Start of Provided data

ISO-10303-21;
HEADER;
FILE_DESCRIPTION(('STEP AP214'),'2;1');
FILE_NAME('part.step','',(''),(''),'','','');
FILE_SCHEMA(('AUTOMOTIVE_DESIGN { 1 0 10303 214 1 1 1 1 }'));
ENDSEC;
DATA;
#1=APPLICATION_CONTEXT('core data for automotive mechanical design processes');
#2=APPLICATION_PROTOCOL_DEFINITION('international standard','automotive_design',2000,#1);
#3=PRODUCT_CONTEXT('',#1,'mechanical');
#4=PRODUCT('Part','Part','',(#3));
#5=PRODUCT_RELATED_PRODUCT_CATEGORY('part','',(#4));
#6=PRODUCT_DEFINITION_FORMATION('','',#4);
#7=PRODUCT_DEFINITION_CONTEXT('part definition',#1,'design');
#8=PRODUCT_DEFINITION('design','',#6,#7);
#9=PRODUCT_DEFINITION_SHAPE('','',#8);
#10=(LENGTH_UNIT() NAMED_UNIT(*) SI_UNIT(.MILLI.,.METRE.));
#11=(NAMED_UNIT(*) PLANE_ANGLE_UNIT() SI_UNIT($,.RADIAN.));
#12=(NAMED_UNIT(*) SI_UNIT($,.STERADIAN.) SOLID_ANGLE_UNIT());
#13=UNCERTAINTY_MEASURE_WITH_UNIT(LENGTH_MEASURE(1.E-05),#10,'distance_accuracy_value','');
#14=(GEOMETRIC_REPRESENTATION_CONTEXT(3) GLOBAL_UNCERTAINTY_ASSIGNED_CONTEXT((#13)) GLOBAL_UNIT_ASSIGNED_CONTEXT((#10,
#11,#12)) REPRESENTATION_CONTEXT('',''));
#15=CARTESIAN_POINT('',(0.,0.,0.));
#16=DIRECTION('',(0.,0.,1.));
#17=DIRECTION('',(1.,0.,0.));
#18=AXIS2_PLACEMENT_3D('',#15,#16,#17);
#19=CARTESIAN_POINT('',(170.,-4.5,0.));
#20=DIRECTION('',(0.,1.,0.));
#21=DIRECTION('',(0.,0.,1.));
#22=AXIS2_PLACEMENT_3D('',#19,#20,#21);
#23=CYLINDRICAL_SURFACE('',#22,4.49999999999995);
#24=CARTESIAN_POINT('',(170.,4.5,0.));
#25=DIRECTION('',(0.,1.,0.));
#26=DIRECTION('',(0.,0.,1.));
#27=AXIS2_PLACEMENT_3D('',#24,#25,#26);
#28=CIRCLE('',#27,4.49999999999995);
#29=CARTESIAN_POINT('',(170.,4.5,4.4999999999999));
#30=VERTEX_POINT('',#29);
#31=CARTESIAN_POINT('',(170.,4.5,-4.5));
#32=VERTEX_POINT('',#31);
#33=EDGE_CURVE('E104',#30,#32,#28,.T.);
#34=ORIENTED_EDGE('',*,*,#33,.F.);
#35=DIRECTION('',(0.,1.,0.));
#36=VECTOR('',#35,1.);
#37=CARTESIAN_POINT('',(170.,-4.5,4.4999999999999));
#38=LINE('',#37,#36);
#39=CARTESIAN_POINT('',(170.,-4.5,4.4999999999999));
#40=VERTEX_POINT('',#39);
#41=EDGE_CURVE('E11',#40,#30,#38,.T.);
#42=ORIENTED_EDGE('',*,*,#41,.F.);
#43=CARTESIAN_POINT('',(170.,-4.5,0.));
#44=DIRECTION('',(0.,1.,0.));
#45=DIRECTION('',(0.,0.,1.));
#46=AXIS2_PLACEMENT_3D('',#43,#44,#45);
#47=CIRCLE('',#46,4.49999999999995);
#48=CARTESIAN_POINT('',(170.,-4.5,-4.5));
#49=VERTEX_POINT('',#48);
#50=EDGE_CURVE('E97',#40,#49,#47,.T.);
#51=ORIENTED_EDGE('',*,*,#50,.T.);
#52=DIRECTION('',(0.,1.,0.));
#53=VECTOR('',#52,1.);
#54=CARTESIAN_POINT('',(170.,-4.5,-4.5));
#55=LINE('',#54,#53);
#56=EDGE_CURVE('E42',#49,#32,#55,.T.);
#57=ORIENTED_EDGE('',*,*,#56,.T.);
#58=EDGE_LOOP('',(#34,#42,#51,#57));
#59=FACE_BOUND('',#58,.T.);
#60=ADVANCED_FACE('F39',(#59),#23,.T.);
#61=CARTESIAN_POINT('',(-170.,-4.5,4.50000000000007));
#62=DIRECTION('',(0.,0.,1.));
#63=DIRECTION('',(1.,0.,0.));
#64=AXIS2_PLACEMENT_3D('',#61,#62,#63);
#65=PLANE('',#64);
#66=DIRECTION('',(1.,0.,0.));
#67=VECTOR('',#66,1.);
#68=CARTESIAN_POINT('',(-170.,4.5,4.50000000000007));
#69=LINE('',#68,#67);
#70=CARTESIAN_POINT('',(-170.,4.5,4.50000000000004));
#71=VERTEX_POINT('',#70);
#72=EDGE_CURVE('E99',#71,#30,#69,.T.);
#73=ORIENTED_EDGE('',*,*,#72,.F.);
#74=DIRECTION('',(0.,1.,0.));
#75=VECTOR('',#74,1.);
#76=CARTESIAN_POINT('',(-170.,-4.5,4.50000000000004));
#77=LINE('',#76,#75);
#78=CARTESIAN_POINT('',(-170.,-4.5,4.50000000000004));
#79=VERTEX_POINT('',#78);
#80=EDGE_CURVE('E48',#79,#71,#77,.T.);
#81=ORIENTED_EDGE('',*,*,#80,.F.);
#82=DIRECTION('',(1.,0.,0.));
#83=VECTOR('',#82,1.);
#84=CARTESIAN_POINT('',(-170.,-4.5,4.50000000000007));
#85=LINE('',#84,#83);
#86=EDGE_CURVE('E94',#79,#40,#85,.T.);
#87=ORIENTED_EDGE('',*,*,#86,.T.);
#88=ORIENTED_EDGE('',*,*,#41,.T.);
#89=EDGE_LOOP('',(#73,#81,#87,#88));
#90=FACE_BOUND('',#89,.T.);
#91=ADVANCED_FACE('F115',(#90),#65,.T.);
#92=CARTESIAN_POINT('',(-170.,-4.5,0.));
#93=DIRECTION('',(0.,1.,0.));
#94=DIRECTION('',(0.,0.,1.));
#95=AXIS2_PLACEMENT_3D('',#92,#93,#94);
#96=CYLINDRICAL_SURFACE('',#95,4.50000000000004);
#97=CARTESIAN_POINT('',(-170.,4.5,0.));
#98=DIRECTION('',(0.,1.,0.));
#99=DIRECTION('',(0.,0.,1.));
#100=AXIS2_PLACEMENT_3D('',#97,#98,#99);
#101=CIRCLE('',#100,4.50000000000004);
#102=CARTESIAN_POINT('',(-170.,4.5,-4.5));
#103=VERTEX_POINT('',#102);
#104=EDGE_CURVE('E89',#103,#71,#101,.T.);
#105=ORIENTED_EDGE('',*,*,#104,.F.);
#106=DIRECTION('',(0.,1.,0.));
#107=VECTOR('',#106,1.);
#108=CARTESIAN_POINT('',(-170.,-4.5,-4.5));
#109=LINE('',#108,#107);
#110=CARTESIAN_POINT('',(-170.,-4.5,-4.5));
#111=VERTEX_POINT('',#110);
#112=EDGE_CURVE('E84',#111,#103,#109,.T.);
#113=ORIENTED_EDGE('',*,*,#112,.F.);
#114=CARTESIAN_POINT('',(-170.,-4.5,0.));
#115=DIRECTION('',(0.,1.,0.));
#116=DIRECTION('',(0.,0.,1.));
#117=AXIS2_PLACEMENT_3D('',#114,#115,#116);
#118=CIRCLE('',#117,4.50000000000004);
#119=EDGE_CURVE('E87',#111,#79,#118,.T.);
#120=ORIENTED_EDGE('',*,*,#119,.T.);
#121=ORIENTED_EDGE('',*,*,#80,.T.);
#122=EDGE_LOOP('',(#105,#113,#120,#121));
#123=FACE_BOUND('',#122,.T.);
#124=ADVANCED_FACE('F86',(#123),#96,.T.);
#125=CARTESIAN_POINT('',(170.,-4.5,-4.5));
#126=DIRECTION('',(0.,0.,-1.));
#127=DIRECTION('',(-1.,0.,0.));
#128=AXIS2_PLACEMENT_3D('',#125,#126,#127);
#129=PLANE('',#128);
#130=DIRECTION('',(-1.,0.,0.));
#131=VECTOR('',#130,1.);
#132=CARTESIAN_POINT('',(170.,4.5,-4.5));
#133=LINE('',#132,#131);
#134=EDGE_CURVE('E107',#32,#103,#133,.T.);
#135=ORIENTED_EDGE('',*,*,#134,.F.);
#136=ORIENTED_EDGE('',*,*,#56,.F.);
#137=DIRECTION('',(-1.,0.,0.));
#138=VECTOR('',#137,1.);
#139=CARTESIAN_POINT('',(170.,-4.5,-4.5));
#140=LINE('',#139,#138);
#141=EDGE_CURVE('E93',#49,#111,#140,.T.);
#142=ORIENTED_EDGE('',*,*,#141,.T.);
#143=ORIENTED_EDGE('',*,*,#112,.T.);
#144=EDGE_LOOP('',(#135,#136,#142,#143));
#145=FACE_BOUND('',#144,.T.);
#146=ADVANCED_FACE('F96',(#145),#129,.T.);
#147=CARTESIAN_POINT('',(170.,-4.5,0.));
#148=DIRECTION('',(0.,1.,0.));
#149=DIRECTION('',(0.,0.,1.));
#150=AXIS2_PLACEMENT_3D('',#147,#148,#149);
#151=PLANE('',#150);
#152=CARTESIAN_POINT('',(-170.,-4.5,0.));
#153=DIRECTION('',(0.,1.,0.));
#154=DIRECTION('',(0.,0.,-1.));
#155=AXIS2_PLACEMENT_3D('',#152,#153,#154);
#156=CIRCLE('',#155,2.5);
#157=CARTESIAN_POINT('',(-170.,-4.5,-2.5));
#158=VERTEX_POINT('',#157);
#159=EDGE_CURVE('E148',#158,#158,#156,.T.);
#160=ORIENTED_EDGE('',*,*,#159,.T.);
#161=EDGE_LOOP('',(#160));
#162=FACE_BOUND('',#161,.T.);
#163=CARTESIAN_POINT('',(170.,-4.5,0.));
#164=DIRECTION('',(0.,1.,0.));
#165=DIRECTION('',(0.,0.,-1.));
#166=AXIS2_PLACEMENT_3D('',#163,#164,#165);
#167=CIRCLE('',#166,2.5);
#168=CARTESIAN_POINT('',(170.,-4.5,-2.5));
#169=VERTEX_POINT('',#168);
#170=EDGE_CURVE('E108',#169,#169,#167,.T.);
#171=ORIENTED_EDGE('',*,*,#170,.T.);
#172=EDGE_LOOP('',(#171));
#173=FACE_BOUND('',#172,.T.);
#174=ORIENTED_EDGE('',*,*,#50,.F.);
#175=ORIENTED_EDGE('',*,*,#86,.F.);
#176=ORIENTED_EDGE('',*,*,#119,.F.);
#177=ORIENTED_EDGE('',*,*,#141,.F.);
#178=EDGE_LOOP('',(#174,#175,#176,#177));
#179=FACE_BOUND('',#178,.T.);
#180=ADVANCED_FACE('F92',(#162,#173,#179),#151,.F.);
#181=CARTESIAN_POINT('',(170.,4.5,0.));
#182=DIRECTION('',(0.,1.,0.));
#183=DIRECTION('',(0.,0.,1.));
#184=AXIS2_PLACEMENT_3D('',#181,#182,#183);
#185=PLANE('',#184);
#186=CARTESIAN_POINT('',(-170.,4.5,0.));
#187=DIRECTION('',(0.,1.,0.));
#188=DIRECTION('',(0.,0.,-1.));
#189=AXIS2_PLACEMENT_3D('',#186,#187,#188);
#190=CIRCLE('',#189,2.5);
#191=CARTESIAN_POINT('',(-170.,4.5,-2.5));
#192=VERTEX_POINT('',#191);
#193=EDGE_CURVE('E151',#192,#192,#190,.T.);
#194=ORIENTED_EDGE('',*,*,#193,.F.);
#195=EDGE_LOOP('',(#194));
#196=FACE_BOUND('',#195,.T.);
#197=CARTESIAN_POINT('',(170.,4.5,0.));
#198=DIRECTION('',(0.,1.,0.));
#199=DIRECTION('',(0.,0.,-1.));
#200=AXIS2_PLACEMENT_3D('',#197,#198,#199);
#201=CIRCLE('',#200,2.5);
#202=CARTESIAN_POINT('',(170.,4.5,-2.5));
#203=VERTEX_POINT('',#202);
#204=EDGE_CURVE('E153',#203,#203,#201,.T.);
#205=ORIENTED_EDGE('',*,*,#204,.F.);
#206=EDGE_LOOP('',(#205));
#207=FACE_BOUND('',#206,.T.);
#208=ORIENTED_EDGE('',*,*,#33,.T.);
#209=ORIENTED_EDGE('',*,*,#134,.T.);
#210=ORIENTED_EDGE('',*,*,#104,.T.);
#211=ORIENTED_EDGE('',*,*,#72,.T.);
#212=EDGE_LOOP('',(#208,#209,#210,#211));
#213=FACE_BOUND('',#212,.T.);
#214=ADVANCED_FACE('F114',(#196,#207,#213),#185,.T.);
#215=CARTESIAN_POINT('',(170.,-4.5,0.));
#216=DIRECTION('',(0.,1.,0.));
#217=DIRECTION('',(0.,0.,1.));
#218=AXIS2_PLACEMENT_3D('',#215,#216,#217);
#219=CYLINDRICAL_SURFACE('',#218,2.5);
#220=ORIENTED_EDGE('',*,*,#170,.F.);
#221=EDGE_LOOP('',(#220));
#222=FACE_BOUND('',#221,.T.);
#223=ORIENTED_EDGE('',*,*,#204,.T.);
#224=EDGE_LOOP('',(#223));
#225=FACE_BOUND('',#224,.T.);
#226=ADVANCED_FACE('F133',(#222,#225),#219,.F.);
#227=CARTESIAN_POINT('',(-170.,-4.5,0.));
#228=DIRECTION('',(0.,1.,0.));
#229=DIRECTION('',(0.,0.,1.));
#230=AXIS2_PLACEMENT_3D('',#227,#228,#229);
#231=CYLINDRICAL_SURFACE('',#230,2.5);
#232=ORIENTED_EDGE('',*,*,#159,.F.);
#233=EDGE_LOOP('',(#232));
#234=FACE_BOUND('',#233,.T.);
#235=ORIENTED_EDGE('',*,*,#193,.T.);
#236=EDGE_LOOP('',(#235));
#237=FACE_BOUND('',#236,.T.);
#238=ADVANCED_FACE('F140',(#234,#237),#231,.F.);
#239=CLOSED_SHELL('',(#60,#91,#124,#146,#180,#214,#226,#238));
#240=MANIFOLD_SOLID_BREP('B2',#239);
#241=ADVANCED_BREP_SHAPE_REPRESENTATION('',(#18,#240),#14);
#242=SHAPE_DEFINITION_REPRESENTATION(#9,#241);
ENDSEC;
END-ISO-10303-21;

End of Provided data

Action item
Give back exactly what runs from the first line of the listing above to the line that contains "#10=(LENGTH_UNIT() NAMED_UNIT(*) SI_UNIT(.MILLI.,.METRE.));", keeping both end lines.

Response to the exercise
ISO-10303-21;
HEADER;
FILE_DESCRIPTION(('STEP AP214'),'2;1');
FILE_NAME('part.step','',(''),(''),'','','');
FILE_SCHEMA(('AUTOMOTIVE_DESIGN { 1 0 10303 214 1 1 1 1 }'));
ENDSEC;
DATA;
#1=APPLICATION_CONTEXT('core data for automotive mechanical design processes');
#2=APPLICATION_PROTOCOL_DEFINITION('international standard','automotive_design',2000,#1);
#3=PRODUCT_CONTEXT('',#1,'mechanical');
#4=PRODUCT('Part','Part','',(#3));
#5=PRODUCT_RELATED_PRODUCT_CATEGORY('part','',(#4));
#6=PRODUCT_DEFINITION_FORMATION('','',#4);
#7=PRODUCT_DEFINITION_CONTEXT('part definition',#1,'design');
#8=PRODUCT_DEFINITION('design','',#6,#7);
#9=PRODUCT_DEFINITION_SHAPE('','',#8);
#10=(LENGTH_UNIT() NAMED_UNIT(*) SI_UNIT(.MILLI.,.METRE.));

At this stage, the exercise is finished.